Task directions >> Below are some records. Repeat exactly the lines from the one containing "Demux/1 -> [c_u]" through the final line.

[Records from a dataset]

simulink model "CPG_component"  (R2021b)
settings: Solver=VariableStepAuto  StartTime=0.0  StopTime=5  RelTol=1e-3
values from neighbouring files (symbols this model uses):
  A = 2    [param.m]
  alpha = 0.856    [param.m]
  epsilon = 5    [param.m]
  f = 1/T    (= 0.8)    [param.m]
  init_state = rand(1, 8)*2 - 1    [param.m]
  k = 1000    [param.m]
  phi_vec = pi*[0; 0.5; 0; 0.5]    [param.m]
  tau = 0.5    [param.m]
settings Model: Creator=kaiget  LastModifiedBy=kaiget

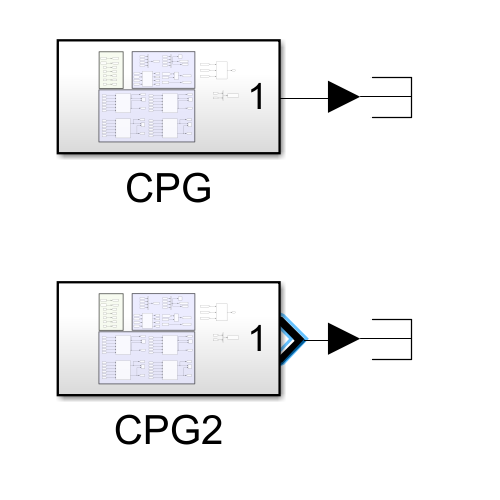
[thumbnail: Simulink's stored preview of the top-level diagram]
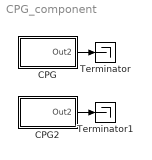
== system CPG_component ==
  CPG : Subsystem
  CPG2 : Subsystem
  Terminator : Terminator
  Terminator1 : Terminator
  wires:
  CPG/1(Out2) -> Terminator/1
  CPG2/1(Out2) -> Terminator1/1

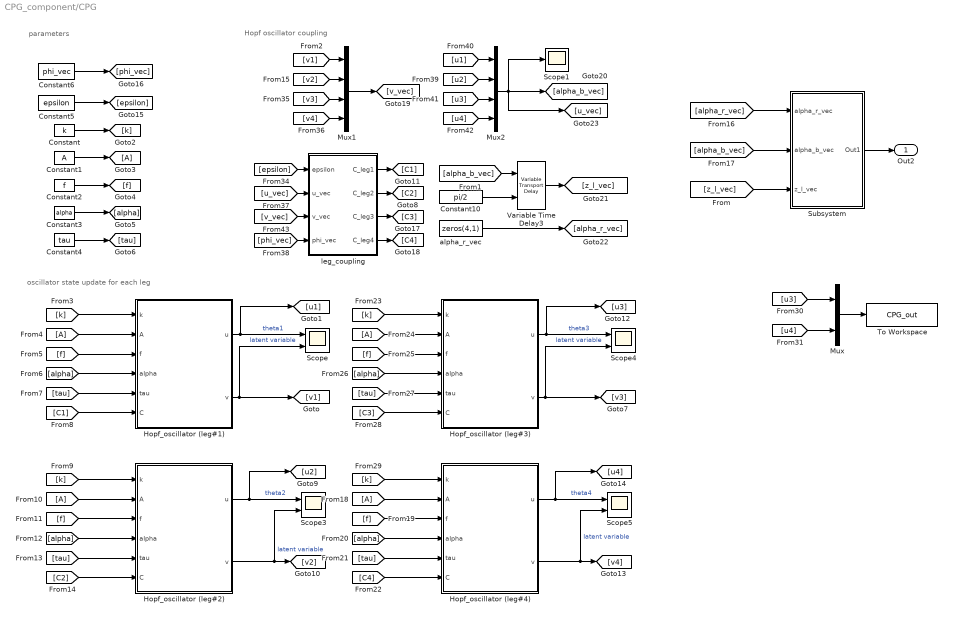
== system CPG_component/CPG ==
  note: oscillator state update for each leg
  note: Hopf oscillator coupling
  note: parameters
  Constant : Constant  Value=k
  Constant1 : Constant  Value=A
  Constant10 : Constant  Value=pi/2
  Constant2 : Constant  Value=f
  Constant3 : Constant  Value=alpha
  Constant4 : Constant  Value=tau
  Constant5 : Constant  Value=epsilon
  Constant6 : Constant  Value=phi_vec
  Hopf_oscillator (leg#1) : Subsystem
  Hopf_oscillator (leg#2) : Subsystem
  Hopf_oscillator (leg#3) : Subsystem
  Hopf_oscillator (leg#4) : Subsystem
  Mux : Mux  Inputs=2
  Mux1 : Mux
  Mux2 : Mux
  Scope{,3..5} (4 alike) : Scope  NumInputPorts=2
  Scope1 : Scope
  Subsystem : Subsystem
  To Workspace : ToWorkspace  VariableName=CPG_out  SaveFormat=Timeseries  SampleTime=0.01
  Variable Time Delay3 : VariableTransportDelay  MaximumDelay=10  MaximumPoints=4096  ZeroDelay=on
  alpha_r_vec : Constant  Value=zeros(4,1)
  leg_coupling : MATLAB Function  TreatAsAtomicUnit=on
  Out2 : Outport
  wires:
  [k] -> Hopf_oscillator (leg#4)/1(k)
  [tau] -> Hopf_oscillator (leg#3)/5(tau)
  [u4] -> Mux2/4
  [v2] -> Mux1/2
  Constant3/1 -> [alpha]
  [epsilon] -> leg_coupling/1(epsilon)
  [u3] -> Mux2/3
  [v_vec] -> leg_coupling/3(v_vec)
  [C2] -> Hopf_oscillator (leg#2)/6(C)
  leg_coupling/4(C_leg4) -> [C4]
  [f] -> Hopf_oscillator (leg#3)/3(f)
  Hopf_oscillator (leg#4)/1(u) -> [u4], Scope5/1  "theta4"
  Hopf_oscillator (leg#4)/2(v) -> [v4], Scope5/2  "latent variable"
  [k] -> Hopf_oscillator (leg#3)/1(k)
  leg_coupling/2(C_leg2) -> [C2]
  Constant2/1 -> [f]
  [u1] -> Mux2/1
  Hopf_oscillator (leg#3)/1(u) -> [u3], Scope4/1  "theta3"
  [A] -> Hopf_oscillator (leg#3)/2(A)
  leg_coupling/3(C_leg3) -> [C3]
  [u2] -> Mux2/2
  Hopf_oscillator (leg#1)/2(v) -> [v1], Scope/2  "latent variable"
  [alpha] -> Hopf_oscillator (leg#2)/4(alpha)
  Hopf_oscillator (leg#3)/2(v) -> [v3], Scope4/2  "latent variable"
  Constant4/1 -> [tau]
  [f] -> Hopf_oscillator (leg#2)/3(f)
  [tau] -> Hopf_oscillator (leg#4)/5(tau)
  [u_vec] -> leg_coupling/2(u_vec)
  [alpha] -> Hopf_oscillator (leg#3)/4(alpha)
  Constant1/1 -> [A]
  [A] -> Hopf_oscillator (leg#1)/2(A)
  [A] -> Hopf_oscillator (leg#2)/2(A)
  leg_coupling/1(C_leg1) -> [C1]
  Mux2/1 -> [u_vec], [alpha_b_vec], Scope1/1
  Hopf_oscillator (leg#2)/1(u) -> [u2], Scope3/1  "theta2"
  [v4] -> Mux1/4
  [f] -> Hopf_oscillator (leg#4)/3(f)
  [C4] -> Hopf_oscillator (leg#4)/6(C)
  [C3] -> Hopf_oscillator (leg#3)/6(C)
  [tau] -> Hopf_oscillator (leg#1)/5(tau)
  Constant5/1 -> [epsilon]
  [A] -> Hopf_oscillator (leg#4)/2(A)
  [k] -> Hopf_oscillator (leg#2)/1(k)
  [alpha] -> Hopf_oscillator (leg#4)/4(alpha)
  [v3] -> Mux1/3
  [k] -> Hopf_oscillator (leg#1)/1(k)
  [phi_vec] -> leg_coupling/4(phi_vec)
  [C1] -> Hopf_oscillator (leg#1)/6(C)
  [v1] -> Mux1/1
  Mux1/1 -> [v_vec]
  [tau] -> Hopf_oscillator (leg#2)/5(tau)
  [f] -> Hopf_oscillator (leg#1)/3(f)
  Constant/1 -> [k]
  Hopf_oscillator (leg#2)/2(v) -> [v2], Scope3/2  "latent variable"
  Hopf_oscillator (leg#1)/1(u) -> [u1], Scope/1  "theta1"
  [alpha] -> Hopf_oscillator (leg#1)/4(alpha)
  Constant6/1 -> [phi_vec]
  [alpha_b_vec] -> Variable Time Delay3/1
  Constant10/1 -> Variable Time Delay3/2
  Variable Time Delay3/1 -> [z_l_vec]
  alpha_r_vec/1 -> [alpha_r_vec]
  [alpha_r_vec] -> Subsystem/1(alpha_r_vec)
  [alpha_b_vec] -> Subsystem/2(alpha_b_vec)
  [z_l_vec] -> Subsystem/3(z_l_vec)
  Subsystem/1(Out1) -> Out2/1
  [u3] -> Mux/1
  [u4] -> Mux/2
  Mux/1 -> To Workspace/1

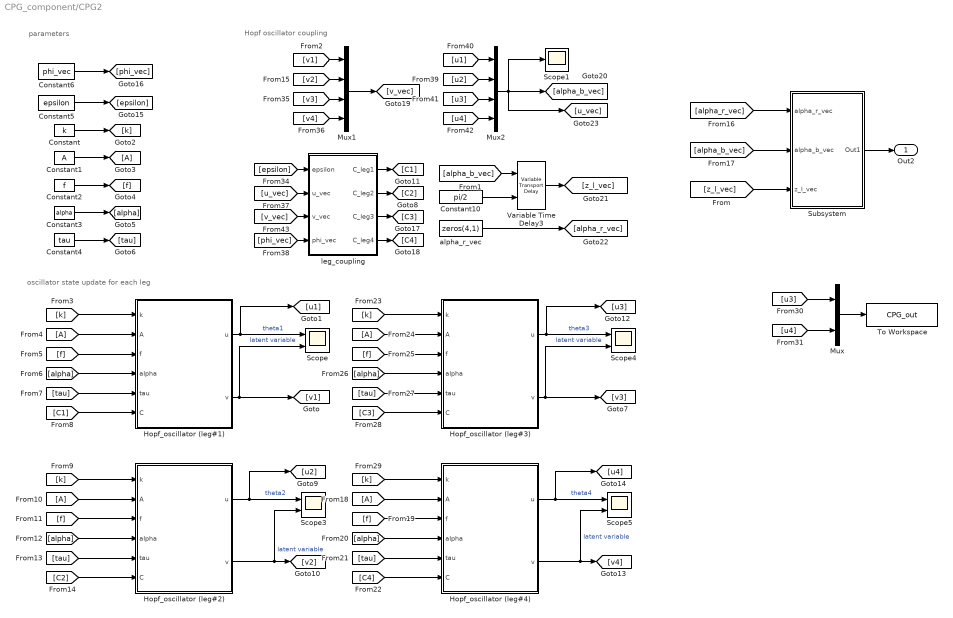
== system CPG_component/CPG2 ==
  note: oscillator state update for each leg
  note: Hopf oscillator coupling
  note: parameters
  Constant : Constant  Value=k
  Constant1 : Constant  Value=A
  Constant10 : Constant  Value=pi/2
  Constant2 : Constant  Value=f
  Constant3 : Constant  Value=alpha
  Constant4 : Constant  Value=tau
  Constant5 : Constant  Value=epsilon
  Constant6 : Constant  Value=phi_vec
  Hopf_oscillator (leg#1) : Subsystem
  Hopf_oscillator (leg#2) : Subsystem
  Hopf_oscillator (leg#3) : Subsystem
  Hopf_oscillator (leg#4) : Subsystem
  Mux : Mux  Inputs=2
  Mux1 : Mux
  Mux2 : Mux
  Scope{,3..5} (4 alike) : Scope  NumInputPorts=2
  Scope1 : Scope
  Subsystem : Subsystem
  To Workspace : ToWorkspace  VariableName=CPG_out  SaveFormat=Timeseries  SampleTime=0.01
  Variable Time Delay3 : VariableTransportDelay  MaximumDelay=10  MaximumPoints=4096  ZeroDelay=on
  alpha_r_vec : Constant  Value=zeros(4,1)
  leg_coupling : MATLAB Function  TreatAsAtomicUnit=on
  Out2 : Outport
  wires:
  [k] -> Hopf_oscillator (leg#4)/1(k)
  [tau] -> Hopf_oscillator (leg#3)/5(tau)
  [u4] -> Mux2/4
  [v2] -> Mux1/2
  Constant3/1 -> [alpha]
  [epsilon] -> leg_coupling/1(epsilon)
  [u3] -> Mux2/3
  [v_vec] -> leg_coupling/3(v_vec)
  [C2] -> Hopf_oscillator (leg#2)/6(C)
  leg_coupling/4(C_leg4) -> [C4]
  [f] -> Hopf_oscillator (leg#3)/3(f)
  Hopf_oscillator (leg#4)/1(u) -> [u4], Scope5/1  "theta4"
  Hopf_oscillator (leg#4)/2(v) -> [v4], Scope5/2  "latent variable"
  [k] -> Hopf_oscillator (leg#3)/1(k)
  leg_coupling/2(C_leg2) -> [C2]
  Constant2/1 -> [f]
  [u1] -> Mux2/1
  Hopf_oscillator (leg#3)/1(u) -> [u3], Scope4/1  "theta3"
  [A] -> Hopf_oscillator (leg#3)/2(A)
  leg_coupling/3(C_leg3) -> [C3]
  [u2] -> Mux2/2
  Hopf_oscillator (leg#1)/2(v) -> [v1], Scope/2  "latent variable"
  [alpha] -> Hopf_oscillator (leg#2)/4(alpha)
  Hopf_oscillator (leg#3)/2(v) -> [v3], Scope4/2  "latent variable"
  Constant4/1 -> [tau]
  [f] -> Hopf_oscillator (leg#2)/3(f)
  [tau] -> Hopf_oscillator (leg#4)/5(tau)
  [u_vec] -> leg_coupling/2(u_vec)
  [alpha] -> Hopf_oscillator (leg#3)/4(alpha)
  Constant1/1 -> [A]
  [A] -> Hopf_oscillator (leg#1)/2(A)
  [A] -> Hopf_oscillator (leg#2)/2(A)
  leg_coupling/1(C_leg1) -> [C1]
  Mux2/1 -> [u_vec], [alpha_b_vec], Scope1/1
  Hopf_oscillator (leg#2)/1(u) -> [u2], Scope3/1  "theta2"
  [v4] -> Mux1/4
  [f] -> Hopf_oscillator (leg#4)/3(f)
  [C4] -> Hopf_oscillator (leg#4)/6(C)
  [C3] -> Hopf_oscillator (leg#3)/6(C)
  [tau] -> Hopf_oscillator (leg#1)/5(tau)
  Constant5/1 -> [epsilon]
  [A] -> Hopf_oscillator (leg#4)/2(A)
  [k] -> Hopf_oscillator (leg#2)/1(k)
  [alpha] -> Hopf_oscillator (leg#4)/4(alpha)
  [v3] -> Mux1/3
  [k] -> Hopf_oscillator (leg#1)/1(k)
  [phi_vec] -> leg_coupling/4(phi_vec)
  [C1] -> Hopf_oscillator (leg#1)/6(C)
  [v1] -> Mux1/1
  Mux1/1 -> [v_vec]
  [tau] -> Hopf_oscillator (leg#2)/5(tau)
  [f] -> Hopf_oscillator (leg#1)/3(f)
  Constant/1 -> [k]
  Hopf_oscillator (leg#2)/2(v) -> [v2], Scope3/2  "latent variable"
  Hopf_oscillator (leg#1)/1(u) -> [u1], Scope/1  "theta1"
  [alpha] -> Hopf_oscillator (leg#1)/4(alpha)
  Constant6/1 -> [phi_vec]
  [alpha_b_vec] -> Variable Time Delay3/1
  Constant10/1 -> Variable Time Delay3/2
  Variable Time Delay3/1 -> [z_l_vec]
  alpha_r_vec/1 -> [alpha_r_vec]
  [alpha_r_vec] -> Subsystem/1(alpha_r_vec)
  [alpha_b_vec] -> Subsystem/2(alpha_b_vec)
  [z_l_vec] -> Subsystem/3(z_l_vec)
  Subsystem/1(Out1) -> Out2/1
  [u3] -> Mux/1
  [u4] -> Mux/2
  Mux/1 -> To Workspace/1

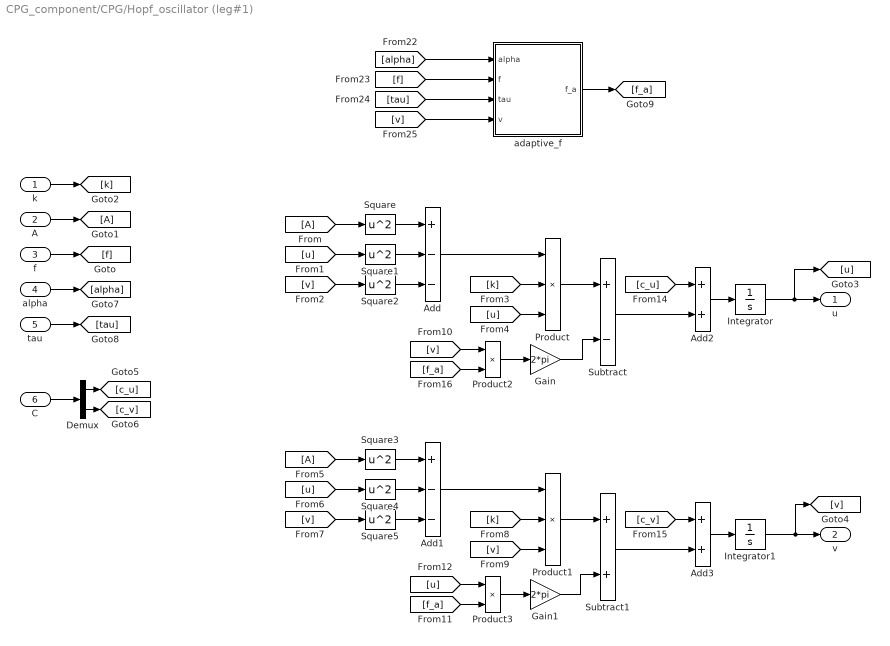
== system CPG_component/CPG/Hopf_oscillator (leg#1) ==
  k : Inport
  A : Inport  Port=2
  f : Inport  Port=3
  alpha : Inport  Port=4
  tau : Inport  Port=5
  C : Inport  Port=6
  Add : Sum  Inputs=+--
  Add1 : Sum  Inputs=+--
  Add2 : Sum
  Add3 : Sum
  Demux : Demux  Outputs=2
  Gain : Gain  Gain=2*pi
  Gain1 : Gain  Gain=2*pi
  Integrator : Integrator  InitialCondition=init_state(1)
  Integrator1 : Integrator  InitialCondition=init_state(2)
  Product : Product  Inputs=3
  Product1 : Product  Inputs=3
  Product2 : Product
  Product3 : Product
  Square{,1..5} (6 alike) : Math  Operator=square  SaturateOnIntegerOverflow=on
  Subtract : Sum  Inputs=+-
  Subtract1 : Sum
  adaptive_f : MATLAB Function  TreatAsAtomicUnit=on
  u : Outport
  v : Outport  Port=2
  wires:
  Integrator/1 -> [u], u/1
  f/1 -> [f]
  A/1 -> [A]
  k/1 -> [k]
  Integrator1/1 -> [v], v/1
  [A] -> Square/1
  [u] -> Square1/1
  [v] -> Square2/1
  Square2/1 -> Add/3
  Square1/1 -> Add/2
  Square/1 -> Add/1
  Add/1 -> Product/1
  [k] -> Product/2
  [u] -> Product/3
  Product/1 -> Subtract/1
  Square3/1 -> Add1/1
  Square4/1 -> Add1/2
  Square5/1 -> Add1/3
  [v] -> Product1/3
  Product1/1 -> Subtract1/1
  [v] -> Square5/1
  [A] -> Square3/1
  [u] -> Square4/1
  Add1/1 -> Product1/1
  [k] -> Product1/2
  [v] -> Product2/1
  [f_a] -> Product2/2
  Product2/1 -> Gain/1
  Gain/1 -> Subtract/2
  [u] -> Product3/1
  Product3/1 -> Gain1/1
  [f_a] -> Product3/2
  Gain1/1 -> Subtract1/2
  Subtract/1 -> Add2/2
  C/1 -> Demux/1
  Demux/1 -> [c_u]
  Demux/2 -> [c_v]
  [c_u] -> Add2/1
  Add2/1 -> Integrator/1
  Subtract1/1 -> Add3/2
  [c_v] -> Add3/1
  Add3/1 -> Integrator1/1
  alpha/1 -> [alpha]
  tau/1 -> [tau]
  [alpha] -> adaptive_f/1(alpha)
  [f] -> adaptive_f/2(f)
  [tau] -> adaptive_f/3(tau)
  [v] -> adaptive_f/4(v)
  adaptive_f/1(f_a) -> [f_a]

The answer >>
  Demux/1 -> [c_u]
  Demux/2 -> [c_v]
  [c_u] -> Add2/1
  Add2/1 -> Integrator/1
  Subtract1/1 -> Add3/2
  [c_v] -> Add3/1
  Add3/1 -> Integrator1/1
  alpha/1 -> [alpha]
  tau/1 -> [tau]
  [alpha] -> adaptive_f/1(alpha)
  [f] -> adaptive_f/2(f)
  [tau] -> adaptive_f/3(tau)
  [v] -> adaptive_f/4(v)
  adaptive_f/1(f_a) -> [f_a]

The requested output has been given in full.